▶ **EXERCISE REQUIREMENTS**: Scan the records beneath this line for the line holding "R11: 54.9k; R0603" and the line holding "D-: U2.3, U3.32 (PA11/USB_DM), X1.DN1, X1.DN2", then transcribe exactly those two and all lines between.

(Extracted data entries)
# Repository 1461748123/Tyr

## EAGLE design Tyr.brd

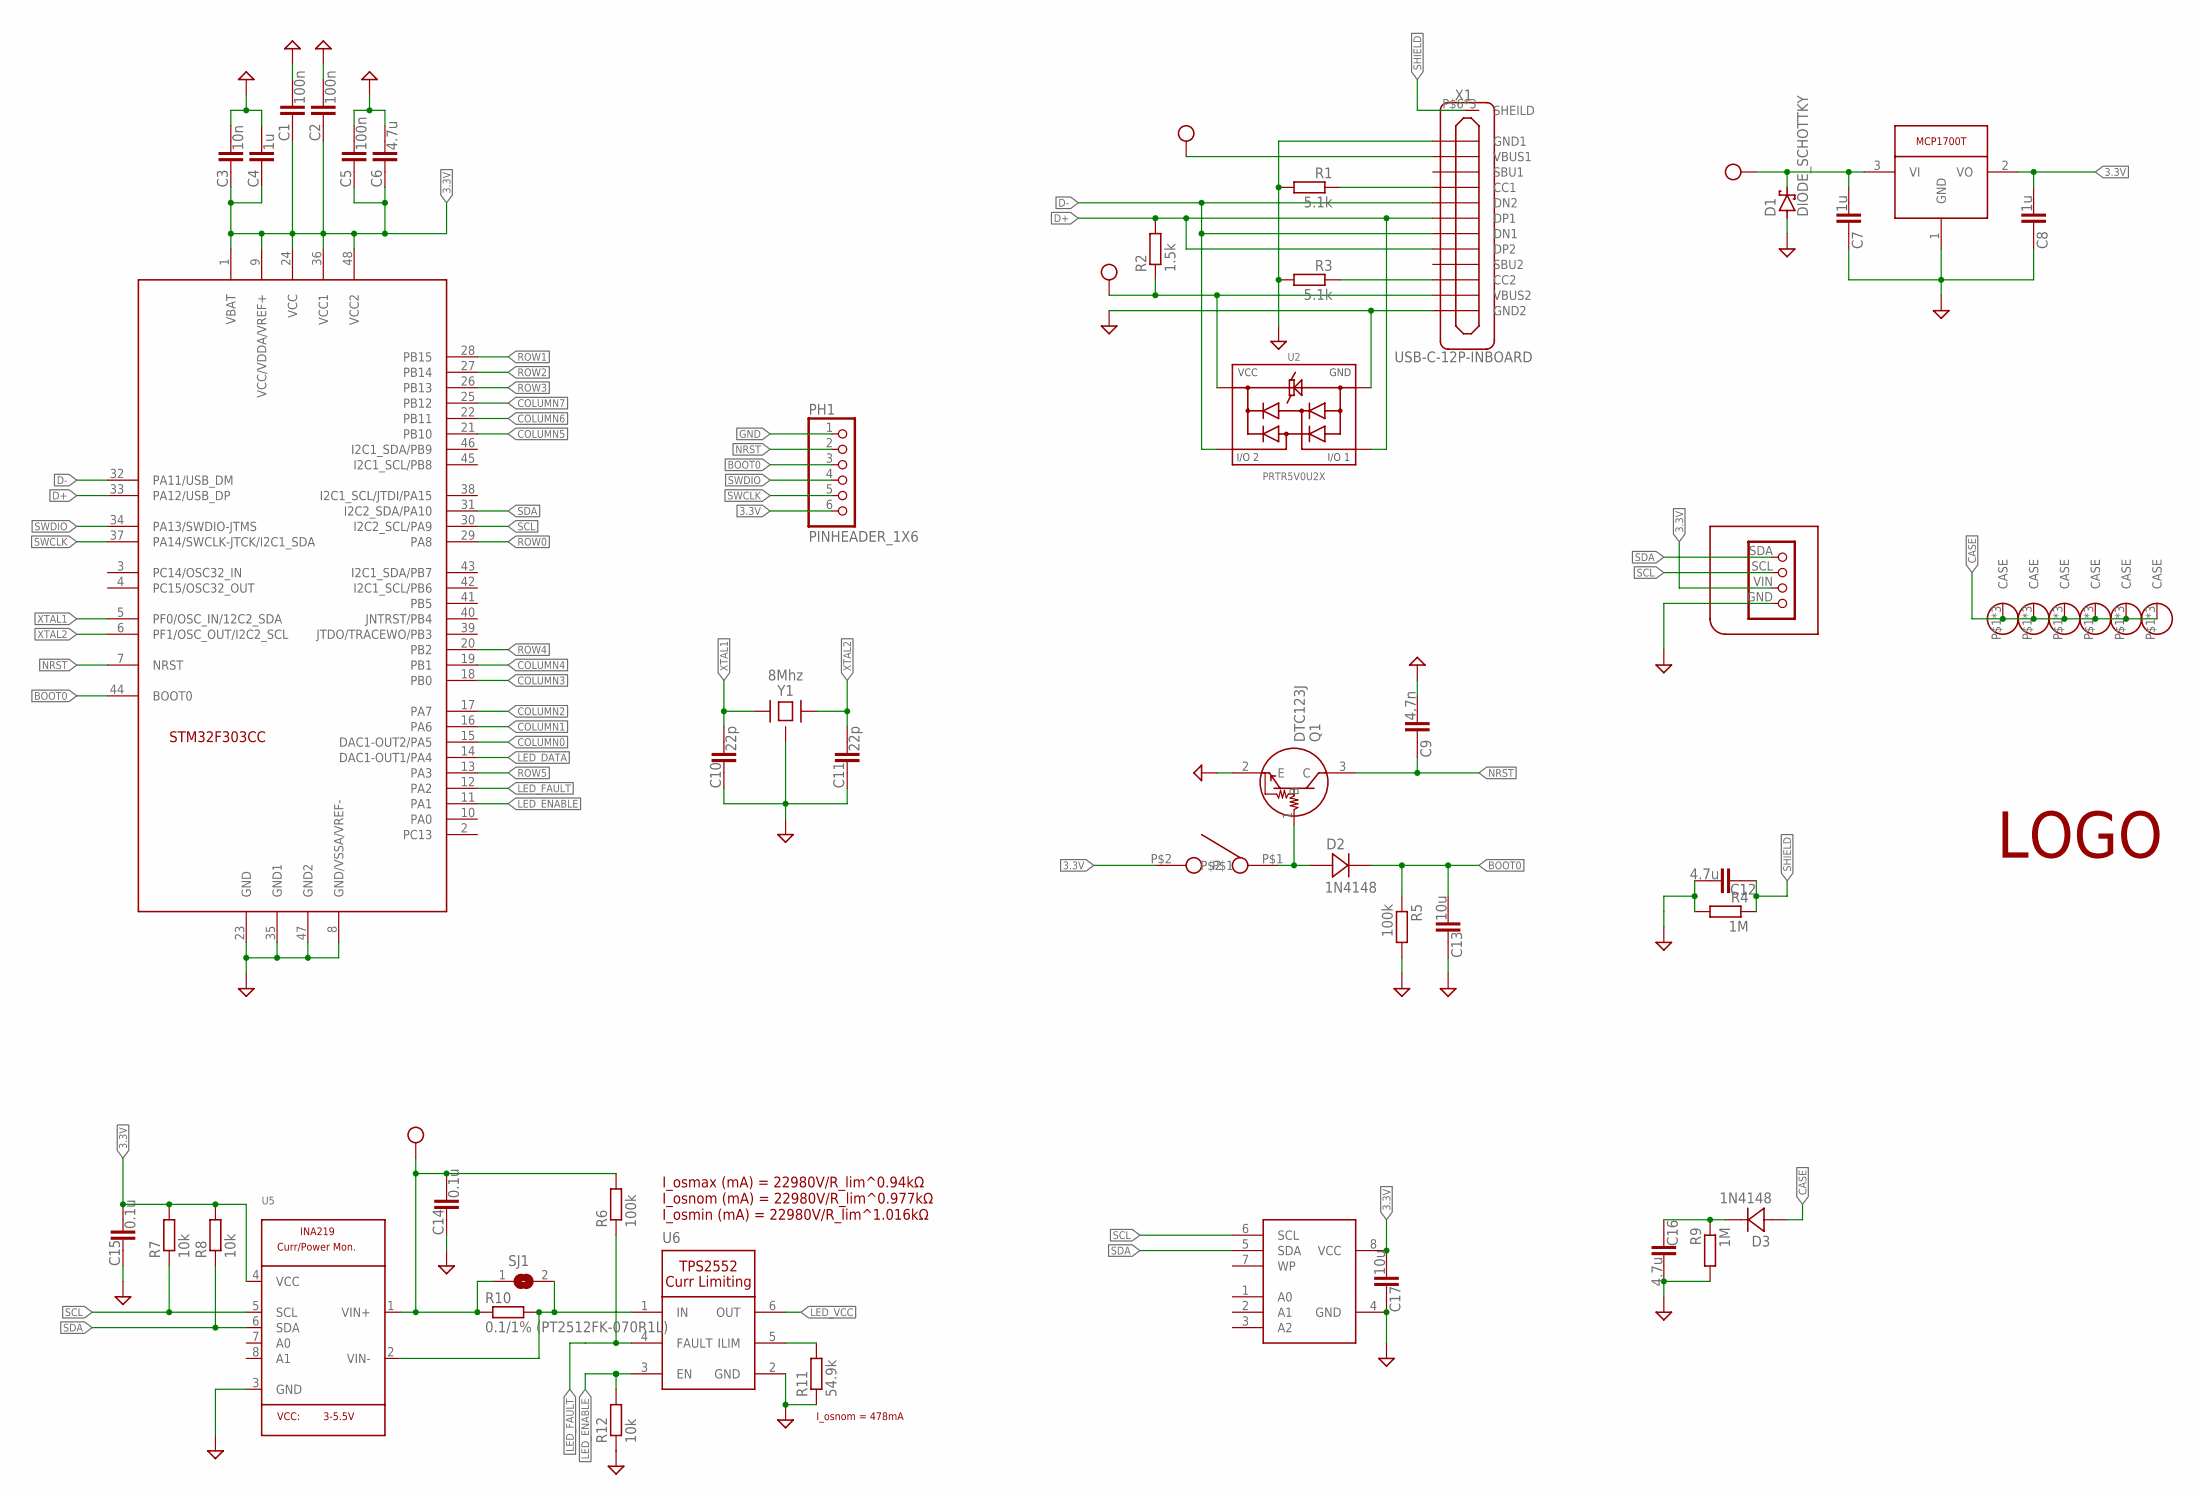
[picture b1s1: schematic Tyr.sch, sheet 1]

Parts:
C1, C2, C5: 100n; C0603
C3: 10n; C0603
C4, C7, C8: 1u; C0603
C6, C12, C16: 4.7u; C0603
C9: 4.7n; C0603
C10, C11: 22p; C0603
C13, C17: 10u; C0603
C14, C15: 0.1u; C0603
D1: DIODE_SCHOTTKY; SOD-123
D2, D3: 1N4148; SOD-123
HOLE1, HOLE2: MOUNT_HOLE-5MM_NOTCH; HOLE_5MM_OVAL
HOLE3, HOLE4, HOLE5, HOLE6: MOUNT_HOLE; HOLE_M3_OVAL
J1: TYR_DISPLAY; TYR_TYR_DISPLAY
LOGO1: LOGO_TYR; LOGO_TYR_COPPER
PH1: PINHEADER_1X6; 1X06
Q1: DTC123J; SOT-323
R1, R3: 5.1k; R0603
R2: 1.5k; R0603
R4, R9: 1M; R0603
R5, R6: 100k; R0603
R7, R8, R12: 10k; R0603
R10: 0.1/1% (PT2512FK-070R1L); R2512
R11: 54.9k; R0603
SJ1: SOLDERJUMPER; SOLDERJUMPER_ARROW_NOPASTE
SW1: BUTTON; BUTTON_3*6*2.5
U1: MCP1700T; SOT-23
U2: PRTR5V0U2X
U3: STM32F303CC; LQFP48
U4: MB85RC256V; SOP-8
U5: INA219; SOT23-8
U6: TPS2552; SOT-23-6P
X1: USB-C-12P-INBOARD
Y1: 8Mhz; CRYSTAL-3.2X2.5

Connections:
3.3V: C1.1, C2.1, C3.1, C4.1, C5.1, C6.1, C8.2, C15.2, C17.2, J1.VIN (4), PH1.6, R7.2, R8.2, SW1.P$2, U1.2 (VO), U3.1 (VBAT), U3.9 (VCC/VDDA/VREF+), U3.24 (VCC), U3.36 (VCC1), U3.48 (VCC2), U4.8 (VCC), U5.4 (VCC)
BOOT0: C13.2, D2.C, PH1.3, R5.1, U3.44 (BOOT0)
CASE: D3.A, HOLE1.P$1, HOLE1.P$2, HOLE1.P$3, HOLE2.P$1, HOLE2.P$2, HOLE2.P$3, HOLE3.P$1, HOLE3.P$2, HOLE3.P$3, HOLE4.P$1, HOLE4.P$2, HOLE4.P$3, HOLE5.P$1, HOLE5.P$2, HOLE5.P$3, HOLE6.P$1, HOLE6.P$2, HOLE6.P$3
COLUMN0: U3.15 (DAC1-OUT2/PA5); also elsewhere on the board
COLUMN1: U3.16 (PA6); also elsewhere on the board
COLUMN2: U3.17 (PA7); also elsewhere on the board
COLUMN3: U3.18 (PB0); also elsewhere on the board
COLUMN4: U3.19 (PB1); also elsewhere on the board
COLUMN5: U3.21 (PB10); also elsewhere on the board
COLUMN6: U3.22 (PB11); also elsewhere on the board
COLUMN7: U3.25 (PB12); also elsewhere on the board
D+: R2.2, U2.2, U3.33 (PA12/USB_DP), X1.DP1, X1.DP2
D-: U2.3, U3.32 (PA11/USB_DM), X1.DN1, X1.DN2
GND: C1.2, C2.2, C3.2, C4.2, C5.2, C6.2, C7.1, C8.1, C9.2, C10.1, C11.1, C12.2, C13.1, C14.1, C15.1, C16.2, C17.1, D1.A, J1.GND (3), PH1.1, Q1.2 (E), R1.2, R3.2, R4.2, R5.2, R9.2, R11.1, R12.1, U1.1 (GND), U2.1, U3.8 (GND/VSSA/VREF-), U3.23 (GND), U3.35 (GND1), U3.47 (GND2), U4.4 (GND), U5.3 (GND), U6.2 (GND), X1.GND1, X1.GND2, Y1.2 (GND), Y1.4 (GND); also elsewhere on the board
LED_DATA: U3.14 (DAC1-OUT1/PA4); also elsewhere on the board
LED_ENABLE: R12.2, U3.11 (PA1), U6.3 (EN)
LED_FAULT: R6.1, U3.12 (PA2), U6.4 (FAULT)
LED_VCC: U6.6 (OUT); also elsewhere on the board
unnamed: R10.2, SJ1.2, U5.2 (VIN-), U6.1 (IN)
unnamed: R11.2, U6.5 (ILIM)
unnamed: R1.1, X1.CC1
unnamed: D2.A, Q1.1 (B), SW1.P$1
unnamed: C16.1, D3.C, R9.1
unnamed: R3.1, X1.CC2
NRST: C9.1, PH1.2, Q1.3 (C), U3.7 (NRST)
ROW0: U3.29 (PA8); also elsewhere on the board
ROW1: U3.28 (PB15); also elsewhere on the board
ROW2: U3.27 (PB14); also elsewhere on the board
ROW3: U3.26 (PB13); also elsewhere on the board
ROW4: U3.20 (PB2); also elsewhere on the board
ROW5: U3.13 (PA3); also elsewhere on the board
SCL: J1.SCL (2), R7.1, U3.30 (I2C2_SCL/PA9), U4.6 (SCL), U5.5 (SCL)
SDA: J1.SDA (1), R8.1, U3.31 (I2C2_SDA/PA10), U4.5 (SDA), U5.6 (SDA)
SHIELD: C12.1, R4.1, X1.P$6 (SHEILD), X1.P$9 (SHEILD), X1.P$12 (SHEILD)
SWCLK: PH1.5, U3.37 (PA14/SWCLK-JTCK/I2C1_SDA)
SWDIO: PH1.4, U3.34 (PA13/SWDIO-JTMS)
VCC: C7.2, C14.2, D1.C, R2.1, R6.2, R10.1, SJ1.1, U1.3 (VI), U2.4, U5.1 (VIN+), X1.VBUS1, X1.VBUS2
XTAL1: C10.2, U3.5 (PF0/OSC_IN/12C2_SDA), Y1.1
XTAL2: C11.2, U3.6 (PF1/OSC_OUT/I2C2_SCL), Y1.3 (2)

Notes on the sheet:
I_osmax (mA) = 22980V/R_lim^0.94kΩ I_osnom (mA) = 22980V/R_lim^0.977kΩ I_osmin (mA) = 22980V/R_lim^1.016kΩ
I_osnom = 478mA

▶ **RESULT OF THE EXERCISE**:
R11: 54.9k; R0603
SJ1: SOLDERJUMPER; SOLDERJUMPER_ARROW_NOPASTE
SW1: BUTTON; BUTTON_3*6*2.5
U1: MCP1700T; SOT-23
U2: PRTR5V0U2X
U3: STM32F303CC; LQFP48
U4: MB85RC256V; SOP-8
U5: INA219; SOT23-8
U6: TPS2552; SOT-23-6P
X1: USB-C-12P-INBOARD
Y1: 8Mhz; CRYSTAL-3.2X2.5

Connections:
3.3V: C1.1, C2.1, C3.1, C4.1, C5.1, C6.1, C8.2, C15.2, C17.2, J1.VIN (4), PH1.6, R7.2, R8.2, SW1.P$2, U1.2 (VO), U3.1 (VBAT), U3.9 (VCC/VDDA/VREF+), U3.24 (VCC), U3.36 (VCC1), U3.48 (VCC2), U4.8 (VCC), U5.4 (VCC)
BOOT0: C13.2, D2.C, PH1.3, R5.1, U3.44 (BOOT0)
CASE: D3.A, HOLE1.P$1, HOLE1.P$2, HOLE1.P$3, HOLE2.P$1, HOLE2.P$2, HOLE2.P$3, HOLE3.P$1, HOLE3.P$2, HOLE3.P$3, HOLE4.P$1, HOLE4.P$2, HOLE4.P$3, HOLE5.P$1, HOLE5.P$2, HOLE5.P$3, HOLE6.P$1, HOLE6.P$2, HOLE6.P$3
COLUMN0: U3.15 (DAC1-OUT2/PA5); also elsewhere on the board
COLUMN1: U3.16 (PA6); also elsewhere on the board
COLUMN2: U3.17 (PA7); also elsewhere on the board
COLUMN3: U3.18 (PB0); also elsewhere on the board
COLUMN4: U3.19 (PB1); also elsewhere on the board
COLUMN5: U3.21 (PB10); also elsewhere on the board
COLUMN6: U3.22 (PB11); also elsewhere on the board
COLUMN7: U3.25 (PB12); also elsewhere on the board
D+: R2.2, U2.2, U3.33 (PA12/USB_DP), X1.DP1, X1.DP2
D-: U2.3, U3.32 (PA11/USB_DM), X1.DN1, X1.DN2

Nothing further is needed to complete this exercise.